About 2.6 million years ago, our forebears started eating meat and marrow, rich sources of protein and fat that perhaps eventually fueled the growth of larger brains. Bramble and Lieberman find it conceivable that endurance running helped hunters pursue prey to exhaustion.

Back in the 1980s, Carrier had read ethnographers' accounts of indigenous peoples who chased deer, antelope, and kangaroos to exhaustion under the scorching sun. The Tarahumara of the mountainous desert of northwestern Mexico, for example, were legendary runners. But by modern times, their running tradition had turned to sport: Men wearing simple tire-tread sandals bound with leather thongs compete in a 24-hour footrace that involves kicking a ball over about 100 miles of mountainous road. So Carrier, a triathlete in college, took it upon himself to prove his case. He and his younger brother, Scott, went to the desert in Utah and Wyoming to chase pronghorn antelope. The beasts ditched them every time. The sleek, bouncy animals would join up with others, and soon the men would be huffing after a dozen of them. "You wouldn't know which were the animals you started with," Carrier says.

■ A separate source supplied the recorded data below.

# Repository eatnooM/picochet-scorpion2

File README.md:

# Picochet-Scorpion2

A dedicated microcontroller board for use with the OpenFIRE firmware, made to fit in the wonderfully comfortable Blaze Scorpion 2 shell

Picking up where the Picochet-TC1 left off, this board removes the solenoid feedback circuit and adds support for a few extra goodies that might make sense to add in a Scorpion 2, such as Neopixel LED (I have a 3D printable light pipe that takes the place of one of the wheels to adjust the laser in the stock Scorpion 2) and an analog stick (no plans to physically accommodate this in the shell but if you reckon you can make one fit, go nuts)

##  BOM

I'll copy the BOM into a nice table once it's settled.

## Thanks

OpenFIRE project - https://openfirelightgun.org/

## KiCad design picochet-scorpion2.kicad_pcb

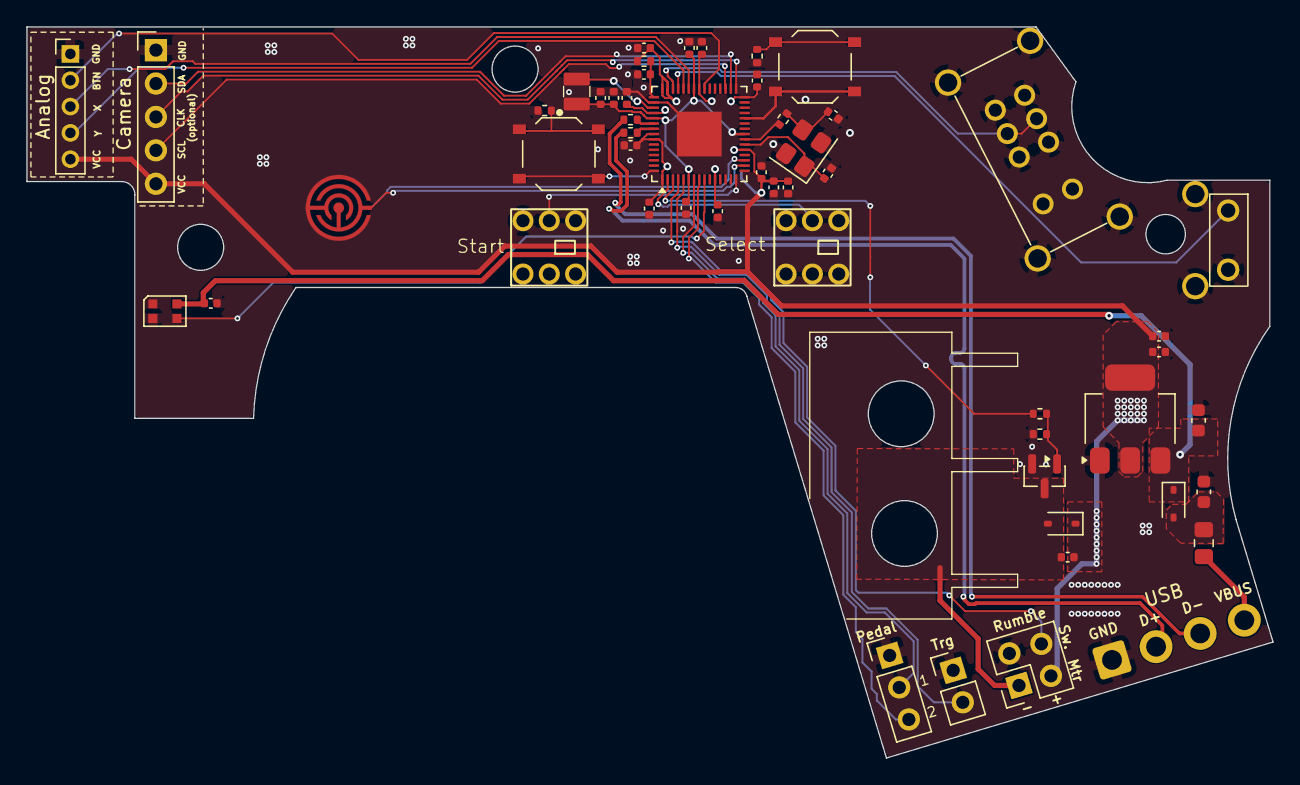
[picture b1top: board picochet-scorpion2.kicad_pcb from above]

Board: 2 copper layers, 94.7 x 55.6 mm, 54 parts (1 on the bottom side), 39 nets.

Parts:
C1, C21: 10uF; C_0603_1608Metric
C3, C4: 30pF; C_0402_1005Metric
C5, C19: 10uF; C_0402_1005Metric
C6, C7, C9, C10: 4.7uF; C_0402_1005Metric
C8, C11, C12, C13, C14, C15, C16, C17, C18, C20, C23, C24, C25: 100nF; C_0402_1005Metric
D1: 1N5819WS; D_SOD-323
D2: BAT43WS; D_SOD-323
D3: WS2812B-2020; LED_WS2812B-2020_PLCC4_2.0x2.0mm
F1: PPTC-6V 500mA; Fuse_0805_2012Metric_Pad1.15x1.40mm_HandSolder
J1: Conn_02x02; PinHeader_2x02_P2.54mm_Vertical
J2: Conn_01x02; PinHeader_1x02_P2.54mm_Vertical
J3: Conn_01x04; USB-PTH-2.5MMOD-3.5mmSpacing
J4: Conn_01x03; PinHeader_1x03_P2.54mm_Vertical
J6: Conn_01x05; PinHeader_1x05_P2.54mm_Vertical
J8: Conn_01x05; PinHeader_1x05_P2.00mm_Vertical
L1: AOTA-B201610S3R3; L_0806_PolarityMark
Q1: AO3400A; SOT-23
R2, R4, R6: 1k; R_0402_1005Metric
R5, R7, R8: 33; R_0402_1005Metric
R14: 100; R_0402_1005Metric
R15: 10k; R_0402_1005Metric
SW1, SW2: SW_Push; SW_Push_1P1T_XKB_TS-1187A
SW3: SW_SP3T_Shielded; ModeSwitch-DP3T-MountingPoints
SW4, SW5: SW_Push; RubberDomeContacts-D5mm
SW6: SW_Push; ModeSwitch-Momentary
SW7, SW8: SW_DPDT; Switch-DPDT-5.8x5.8mm
U1: RP2354A; QFN-60-1EP_7x7mm_P0.4mm_EP3.4x3.4mm
U2: AMS1117-3.3; SOT-223-3_TabPin2
Y1: X322512MSB4SI; Crystal_SMD_3225-4Pin_3.2x2.5mm

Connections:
+1V1: C7.1, C8.2, C10.1, C11.2, L1.1, U1.6 (DVDD), U1.23 (DVDD), U1.39 (DVDD), U1.50 (VREG_FB)
+3V3: C5.1, C6.1, C12.1, C13.1, C14.1, C15.1, C16.1, C17.1, C18.1, C19.1, C20.1, C24.1, C25.2, D2.1 (K), J1.3, J6.5, J8.5, R5.1, U1.1 (IOVDD), U1.11 (IOVDD), U1.20 (IOVDD), U1.30 (IOVDD), U1.38 (IOVDD), U1.44 (ADC_AVDD), U1.45 (IOVDD), U1.49 (VREG_VIN), U1.53 (USB_OTP_VDD), U1.54 (QSPI_IOVDD), U2.2 (VO)
+5V: C21.1, D1.2 (A), F1.2
/AXIS_X: J8.3, U1.40 (GPIO26/ADC0)
/AXIS_Y: J8.4, U1.41 (GPIO27/ADC1)
/CAM_CLK: J6.3, U1.31 (GPIO19)
/CAM_SCL: J6.4, U1.33 (GPIO21)
/CAM_SDA: J6.2, U1.32 (GPIO20)
/LED_DI: D3.3 (DIN), U1.9 (GPIO6)
/RMB_GND: C24.2, D2.2 (A), J1.1, Q1.3 (D)
/RUMBLE: R14.1, U1.3 (GPIO1)
/USB_D+: J3.2, R7.1
/USB_D-: J3.3, R8.1
/VREG_LX: L1.2, U1.48 (VREG_LX)
/~AUTOFIRE: SW3.3, U1.43 (GPIO29/ADC3)
/~BTN_A: SW4.1, U1.17 (GPIO13)
/~BTN_B: SW5.1, U1.18 (GPIO14)
/~BTN_HOME: SW6.1, U1.42 (GPIO28/ADC2)
/~BTN_PEDAL_ALT: J4.3, U1.8 (GPIO5)
/~BTN_PEDAL: J4.2, U1.7 (GPIO4)
/~BTN_SELECT: SW8.5 (B), U1.2 (GPIO0)
/~BTN_START: SW7.5 (B), U1.15 (GPIO11)
/~BTN_STICK: J8.2, U1.37 (GPIO25)
/~BTN_TRIGGER: J2.2, U1.5 (GPIO3)
/~RESET: SW2.2, U1.26 (RUN)
/~RMB_ENABLE: J1.4, U1.4 (GPIO2)
GND: C1.2, C3.1, C4.1, C5.2, C6.2, C7.2, C8.1, C9.2, C10.2, C11.1, C12.2, C13.2, C14.2, C15.2, C16.2, C17.2, C18.2, C19.2, C20.2, C21.2, C23.2, C25.1, D3.2 (VSS), J1.2, J2.1, J3.1, J4.1, J6.1, J8.1, Q1.2 (S), R4.1, R6.1, R15.2, SW3.2, SW3.4, SW3.SH, SW4.2, SW5.2, SW6.2, SW6.SH (B), SW7.4 (A), SW8.4 (A), U1.47 (VREG_PGND), U1.61 (GND), U2.1 (GND), Y1.2 (G), Y1.4 (G)
unnamed: C4.2, R2.2, Y1.3
unnamed: Q1.1 (G), R14.2, R15.1
unnamed: R4.2, SW2.1
unnamed: R6.2, SW1.1
unnamed: R8.2, U1.51 (USB_DM)
unnamed: R7.2, U1.52 (USB_DP)
unnamed: C3.2, U1.21 (XIN), Y1.1
unnamed: R2.1, U1.22 (XOUT)
unnamed: SW1.2, U1.60 (~QSPI_SS)
VBUS: F1.1, J3.4
VREG_AVDD: C9.1, R5.2, U1.46 (VREG_AVDD)
VSYS: C1.1, C23.1, D1.1 (K), D3.4 (VDD), U2.3 (VI)

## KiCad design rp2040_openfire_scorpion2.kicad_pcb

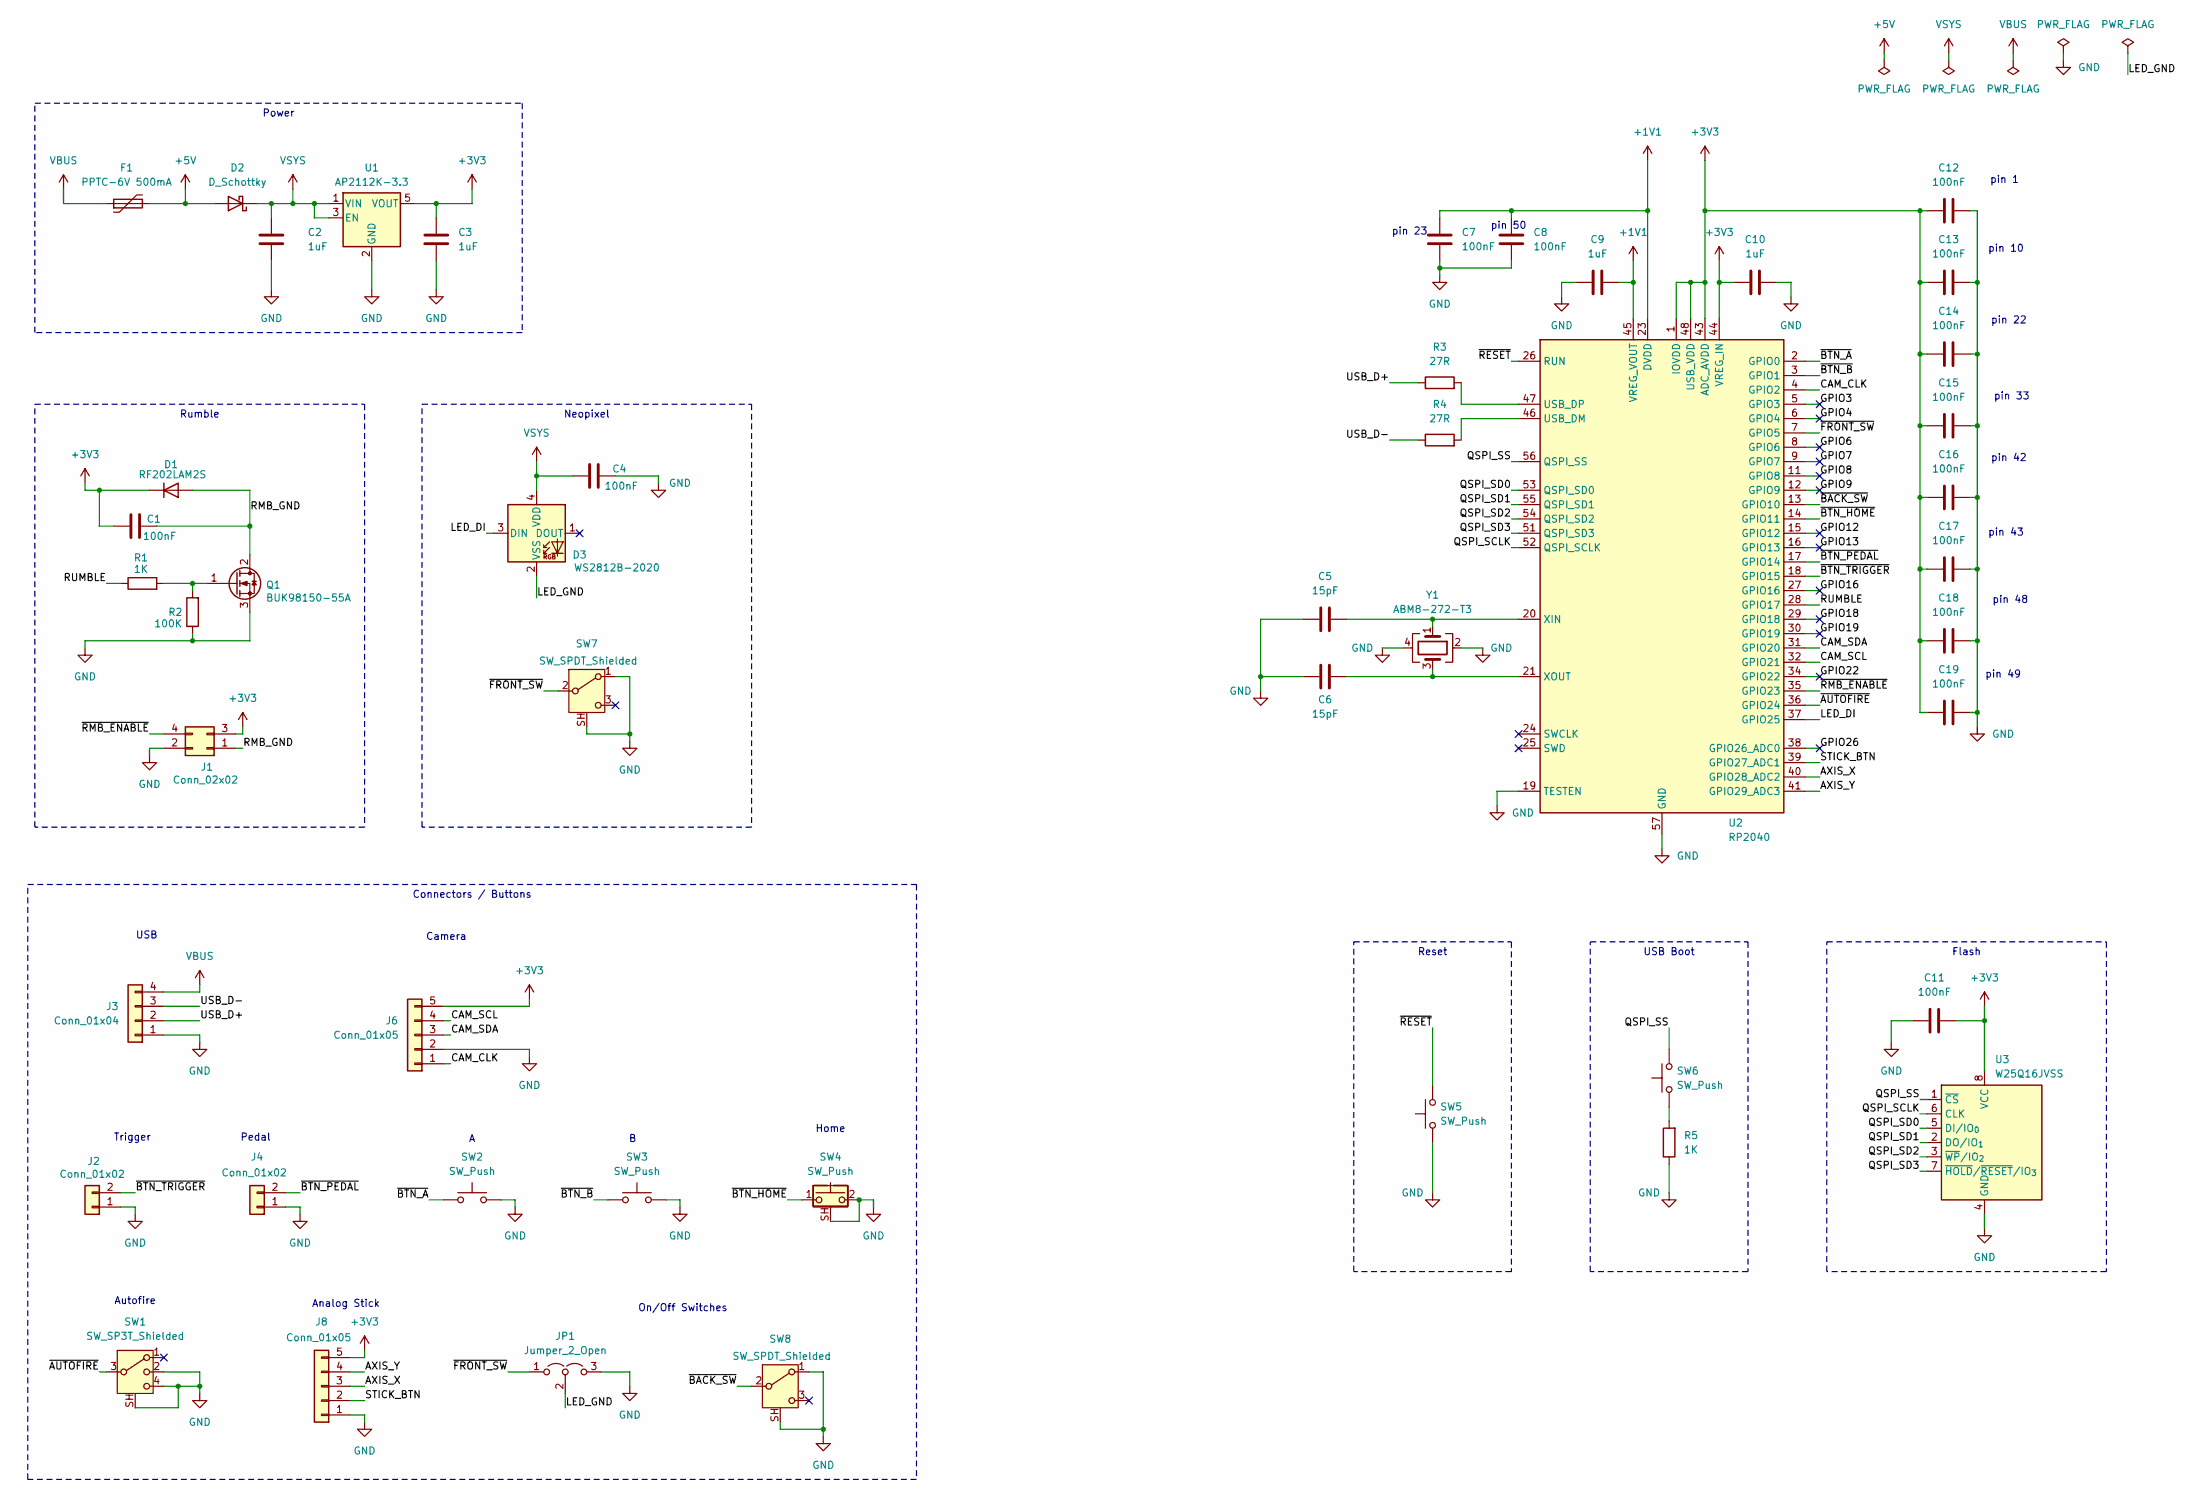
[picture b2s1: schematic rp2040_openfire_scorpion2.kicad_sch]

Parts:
C1, C4, C7, C8, C11, C12, C13, C14, C15, C16, C17, C18, C19: 100nF; C_0603_1608Metric_Pad1.08x0.95mm_HandSolder
C2, C3, C9, C10: 1uF; C_0603_1608Metric_Pad1.08x0.95mm_HandSolder
C5, C6: 15pF; C_0603_1608Metric_Pad1.08x0.95mm_HandSolder
D1: RF202LAM2S; D_SOD-128
D2: D_Schottky; D_SOD-323F
D3: WS2812B-2020; LED_WS2812B-2020_PLCC4_2.0x2.0mm
F1: PPTC-6V 500mA; Fuse_0805_2012Metric_Pad1.15x1.40mm_HandSolder
J1: Conn_02x02; PinHeader_2x02_P2.54mm_Vertical
J2, J4: Conn_01x02; PinHeader_1x02_P2.54mm_Vertical
J3: Conn_01x04; USB-PTH-2.5MMOD-3.5mmSpacing
J6: Conn_01x05; PinHeader_1x05_P2.54mm_Vertical
J8: Conn_01x05; PinHeader_1x05_P2.00mm_Vertical
JP1: Jumper_2_Open; SolderJumper-3_P1.3mm_Open_RoundedPad1.0x1.5mm_NumberLabels
Q1: BUK98150-55A; SOT-223-3_TabPin2
R1, R5: 1K; R_0603_1608Metric_Pad0.98x0.95mm_HandSolder
R2: 100K; R_0603_1608Metric_Pad0.98x0.95mm_HandSolder
R3, R4: 27R; R_0603_1608Metric_Pad0.98x0.95mm_HandSolder
SW1: SW_SP3T_Shielded; ModeSwitch-DP3T-MountingPoints
SW2, SW3: SW_Push; RubberDomeContacts-D5mm
SW4: SW_Push; ModeSwitch-Momentary
SW5, SW6: SW_Push; Switch-Push-SMD-4mmx3mm
SW7, SW8: SW_SPDT_Shielded; ModeSwitch-SPDT-MountingPoints
U1: AP2112K-3.3; SOT-23-5
U2: RP2040; QFN-56-1EP_7x7mm_P0.4mm_EP3.2x3.2mm
U3: W25Q16JVSS; SOIC-8_5.3x5.3mm_P1.27mm
Y1: ABM8-272-T3; Crystal_SMD_3225-4Pin_3.2x2.5mm_HandSoldering

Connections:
+1V1: C7.2, C8.2, C9.2, U2.23 (DVDD), U2.45 (VREG_VOUT), U2.50 (DVDD)
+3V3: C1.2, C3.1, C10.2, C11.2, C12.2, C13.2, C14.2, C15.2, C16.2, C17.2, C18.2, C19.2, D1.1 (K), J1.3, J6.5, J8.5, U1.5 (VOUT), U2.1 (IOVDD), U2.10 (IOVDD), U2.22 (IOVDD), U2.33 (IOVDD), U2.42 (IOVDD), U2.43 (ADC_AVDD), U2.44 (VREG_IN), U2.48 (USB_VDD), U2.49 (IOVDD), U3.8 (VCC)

For direct evidence of endurance hunting, Bramble and Lieberman point to the observations of Louis Liebenberg, author of The Art of Tracking: The Origin of Science, who has spent time on the traditional hunts of the Bushmen hunter-gatherers in the central Kalahari Desert in Botswana. Liebenberg ran with them when they chased down kudu antelope on two occasions. For eight other hunts he trailed them in his Land Cruiser, sometimes with a GPS device. The men attempted to run prey to exhaustion only when temperatures neared 100 degrees F, says Liebenberg. Three men would gulp a lot of water and head out together. Two initially did the hard work of tracking and pursuing over the arid grassland and woodland terrain, while the other held back. Eventually, the leaders dropped behind, leaving the third man to hound and spear the antelope when it reached its limit. "The animal will either just completely collapse, or it will actually slow down to a point where it just stands there . . . with sort of glazed-over eyes," Liebenberg says. "Essentially, you're pushing the animal to overheat." The hunters would then walk home with the meat, enough to share—in small portions—with the tribe.

During a chase, Liebenberg noted that the men maintained speeds of around 4 to 6 miles per hour, for anywhere from two to six and a half hours, and traversed up to 22 miles of terrain. These stats fall well within the performance range of the world's fastest competitive marathoners, who set a pace of roughly 12 miles an hour to cover 26 miles, albeit under far less harsh conditions.